# Bilt hamber dynax ub



## Matty86 (Aug 6, 2020)

Been using some of this stuff yesterday. Does anyone know how it dries? Applied some yesterday and its sticky and taky. I know it's gone colder lately suppose this could be why I presumed it dried to a firm dry coating


----------



## Andyblue (Jun 20, 2017)

Neighbour has some for coating the inside of his chrome bumpers (the clear version) and says it’s the same as you’re saying - on tacky side...


----------



## macca666 (Mar 30, 2010)

I've used UB and UC both are dry to the touch and not tacky.

With the UC I found that it was best built up in thin coats if it's applied too heavy then it would be tacky as you describe :thumb:


----------



## Andyblue (Jun 20, 2017)

macca666 said:


> I've used UB and UC both are dry to the touch and not tacky.
> 
> With the UC I found that it was best built up in thin coats if it's applied too heavy then it would be tacky as you describe :thumb:


I'll pass it this on to him, to make sure he's applying thin coats :thumb:


----------



## VenomUK (Oct 13, 2011)

Literally used mine today and thin is better in this weather.
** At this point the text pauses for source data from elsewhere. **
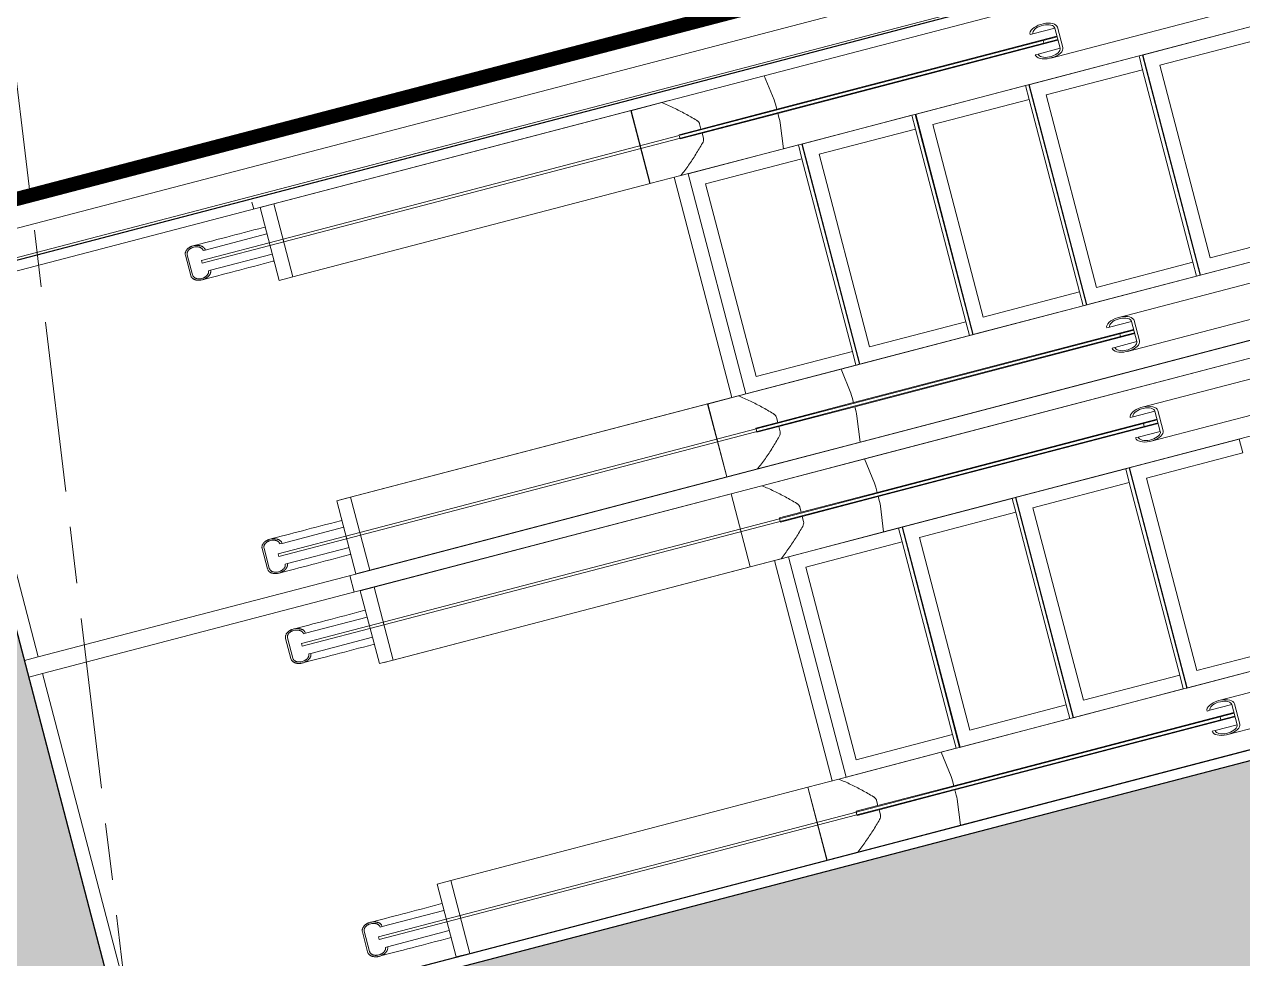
# Model space of a CAD drawing. Header units: millimetres. Extents: x -100356 to 314685, y 446 to 1273965.
# Drawn here: x 89710 to 93991, y 619804 to 623089 of the extents above; entities that cross this region are included whole.
import ezdxf

# ---------------------------------------------------------------- set-up
doc = ezdxf.new("R2010")
doc.units = ezdxf.units.MM
for name, pattern in [('Dash', [6, 3, -3]), ('gf$0$CENTER2', [28.575, 19.05, -3.175, 3.175, -3.175]), ('gf$0$Kume - Grid Line', [10.5, 6, -1.25, 2, -1.25])]:
    doc.linetypes.add(name, pattern=pattern)
for name, color, linetype, lineweight in [('20180221 BF$0$TUONG 2', 2, 'Continuous', 25), ('20180330-Ascent Plaza-TP-Ban ve so bo$0$KÍNH', 150, 'Continuous', 9), ('@ color hatch', 7, 'Continuous', 13), ('gf$0$A-_DETA----_E', 8, 'Continuous', 9), ('gf$0$A.Axis', 251, 'gf$0$CENTER2', 13), ('gf$0$Core - tb$0$1-thaythuong', 9, 'Continuous', 13), ('KÍNH', 150, 'Continuous', 9)]:
    doc.layers.add(name, color=color, linetype=linetype, lineweight=lineweight)

# ---------------------------------------------------------------- blocks, each defined once
blk = doc.blocks.new('escalator')
at = {"layer": '20180221 BF$0$TUONG 2', "ltscale": 0.5}
blk.add_lwpolyline([(0, 0), (13000, 0), (13000, -2800), (0, -2800)], close=True, dxfattribs=at)
blk.add_lwpolyline([(0, -2762.2), (12239.7, -2762.2)], dxfattribs=at)
at = {"layer": 'gf$0$A-_DETA----_E'}
for p, q in [((1181.6, -37.8), (1181.6, -12.1)), ((1181.6, -1430.2), (1181.6, -1369.8))]:
    blk.add_line(p, q, dxfattribs=at)
at = {"layer": 'gf$0$Core - tb$0$1-thaythuong'}
for p, q in [((0, -37.8), (0, -1369.8)), ((50.6, -37.8), (2639.2, -37.8)), ((50.6, -37.8), (50.6, -1369.8)), ((1254.3, -38.3), (1204.3, -38.3)), ((1204.3, -38.3), (1204.3, -303.3)), ((1254.3, -303.3), (1254.3, -38.3)), ((2551.5, -38.3), (1254.3, -38.3)), ((1254.3, -38.3), (1254.3, -303.3)), ((2551, -38.3), (2551, -303.3)), ((2663.2, -38.3), (2551, -38.3)), ((2551.5, -303.3), (2551.5, -38.3)), ((2639.2, -37.8), (2690, -37.8)), ((2639.2, -37.8), (2690, -37.8)), ((2639.2, -37.8), (2639.2, -38.3)), ((3035.6, -38.3), (2663.2, -38.3)), ((2690, -37.8), (2690, -38.3)), ((3047.6, -129.3), (3035.6, -38.3)), ((7375.4, -38.3), (3035.6, -38.3)), ((907.9, -134), (907.9, -207.6)), ((914.8, -207.5), (914.8, -134)), ((1254.3, -165.8), (957.7, -165.8)), ((957.7, -165.8), (957.7, -175.8)), ((972.6, -134), (980.3, -134)), ((980.3, -134), (1204.3, -134)), ((1254.3, -175.8), (1254.3, -165.8)), ((2693.5, -165.8), (1254.3, -165.8)), ((1254.3, -165.8), (1254.3, -175.8)), ((2693.5, -170.8), (2693.5, -163.3)), ((2693.5, -163.3), (2772.9, -163.3)), ((2693.5, -178.3), (2693.5, -170.8)), ((4015, -165.8), (2697, -165.8)), ((2772.9, -163.3), (2772.9, -144.6)), ((2772.9, -163.3), (3048.6, -163.3)), ((3048.4, -136.9), (3047.6, -129.3)), ((3048.6, -144.6), (3048.4, -136.9)), ((3048.6, -163.3), (3048.6, -144.6)), ((3048.6, -163.3), (4065.6, -163.3)), ((3975.8, -134), (3985.8, -134)), ((3985.8, -134), (3975.8, -134)), ((3985.8, -134), (4065.6, -134)), ((4015, -175.8), (4015, -165.8)), ((4015, -165.8), (4065.6, -165.8)), ((4065.6, -134), (4065.6, -207.5)), ((4075.6, -207.6), (4075.6, -134)), ((957.7, -175.8), (1254.3, -175.8)), ((980.3, -207.5), (972.6, -207.5)), ((980.3, -207.5), (1204.3, -207.5)), ((1254.3, -175.8), (4015, -175.8)), ((2772.9, -178.3), (2693.5, -178.3)), ((2772.9, -196.6), (2772.9, -178.3)), ((3048.6, -178.3), (2772.9, -178.3)), ((3035.6, -303.3), (3047.6, -212.5)), ((3047.6, -212.5), (3048.4, -204.6)), ((3048.4, -204.6), (3048.6, -196.6)), ((3048.6, -196.6), (3048.6, -178.3)), ((4065.6, -178.3), (3048.6, -178.3)), ((3985.8, -207.5), (3975.8, -207.5)), ((3975.8, -207.5), (3985.8, -207.5)), ((4065.6, -207.5), (3985.8, -207.5)), ((4065.6, -175.8), (4015, -175.8)), ((4025.7, -232.5), (7375.4, -232.5)), ((1204.3, -303.3), (1254.3, -303.3)), ((1254.3, -303.3), (2551.5, -303.3)), ((2551, -303.3), (2663.2, -303.3)), ((2639.2, -303.3), (2639.2, -1103.8)), ((2663.2, -303.3), (3035.6, -303.3)), ((3090, -303.8), (2690, -303.8)), ((2690, -303.8), (2690, -1103.8)), ((3035.6, -303.3), (7375.4, -303.3)), ((3090, -353.8), (3090, -303.8)), ((3090, -303.8), (3102.3, -303.8)), ((3502.4, -303.8), (3102.4, -303.8)), ((3102.4, -303.8), (3102.4, -1103.8)), ((3103.8, -1103.8), (3103.8, -303.8)), ((3502.4, -353.8), (3502.4, -303.8)), ((3502.4, -303.8), (3514.7, -303.8)), ((3914.8, -303.8), (3514.8, -303.8)), ((3514.8, -303.8), (3514.8, -1103.8)), ((3516.2, -1103.8), (3516.2, -303.8)), ((3914.8, -353.8), (3914.8, -303.8)), ((3914.8, -303.8), (3927, -303.8)), ((4327.2, -303.8), (3927.2, -303.8)), ((3927.2, -303.8), (3927.2, -1103.8)), ((3928.6, -1103.8), (3928.6, -303.8)), ((4327.2, -353.8), (4327.2, -303.8)), ((4327.2, -303.8), (4339.4, -303.8)), ((4739.6, -303.8), (4339.6, -303.8)), ((4339.6, -303.8), (4339.6, -1103.8)), ((4341, -1103.8), (4341, -303.8)), ((2740.1, -1053.8), (2740.1, -353.8)), ((2740.1, -353.8), (3090, -353.8)), ((3090, -1053.8), (3090, -353.8)), ((3152.5, -1053.8), (3152.5, -353.8)), ((3152.5, -353.8), (3502.4, -353.8)), ((3502.4, -1053.8), (3502.4, -353.8)), ((3564.9, -1053.8), (3564.9, -353.8)), ((3564.9, -353.8), (3914.8, -353.8)), ((3914.8, -1053.8), (3914.8, -353.8)), ((3977.3, -1053.8), (3977.3, -353.8)), ((3977.3, -353.8), (4327.2, -353.8)), ((4327.2, -1053.8), (4327.2, -353.8)), ((4389.7, -1053.8), (4389.7, -353.8)), ((4389.7, -353.8), (4739.6, -353.8)), ((3090, -1053.8), (2740.1, -1053.8)), ((3090, -1103.8), (3090, -1053.8)), ((3502.4, -1053.8), (3152.5, -1053.8)), ((3502.4, -1103.8), (3502.4, -1053.8)), ((3914.8, -1053.8), (3564.9, -1053.8)), ((3914.8, -1103.8), (3914.8, -1053.8)), ((4327.2, -1053.8), (3977.3, -1053.8)), ((4327.2, -1103.8), (4327.2, -1053.8)), ((4739.6, -1053.8), (4389.7, -1053.8)), ((1254.3, -1104.3), (1204.3, -1104.3)), ((1204.3, -1104.3), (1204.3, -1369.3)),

Just build them up


----------



## Matty86 (Aug 6, 2020)

Thanks will try with another coat today. 

It's difficult to put it on thin as it's quite thick in the tin brushing it on.


----------



## GSD (Feb 6, 2011)

Stand the tin in some warm water for a bit ?


----------



## Matty86 (Aug 6, 2020)

Yeah I have put it in some water this time did help a bit.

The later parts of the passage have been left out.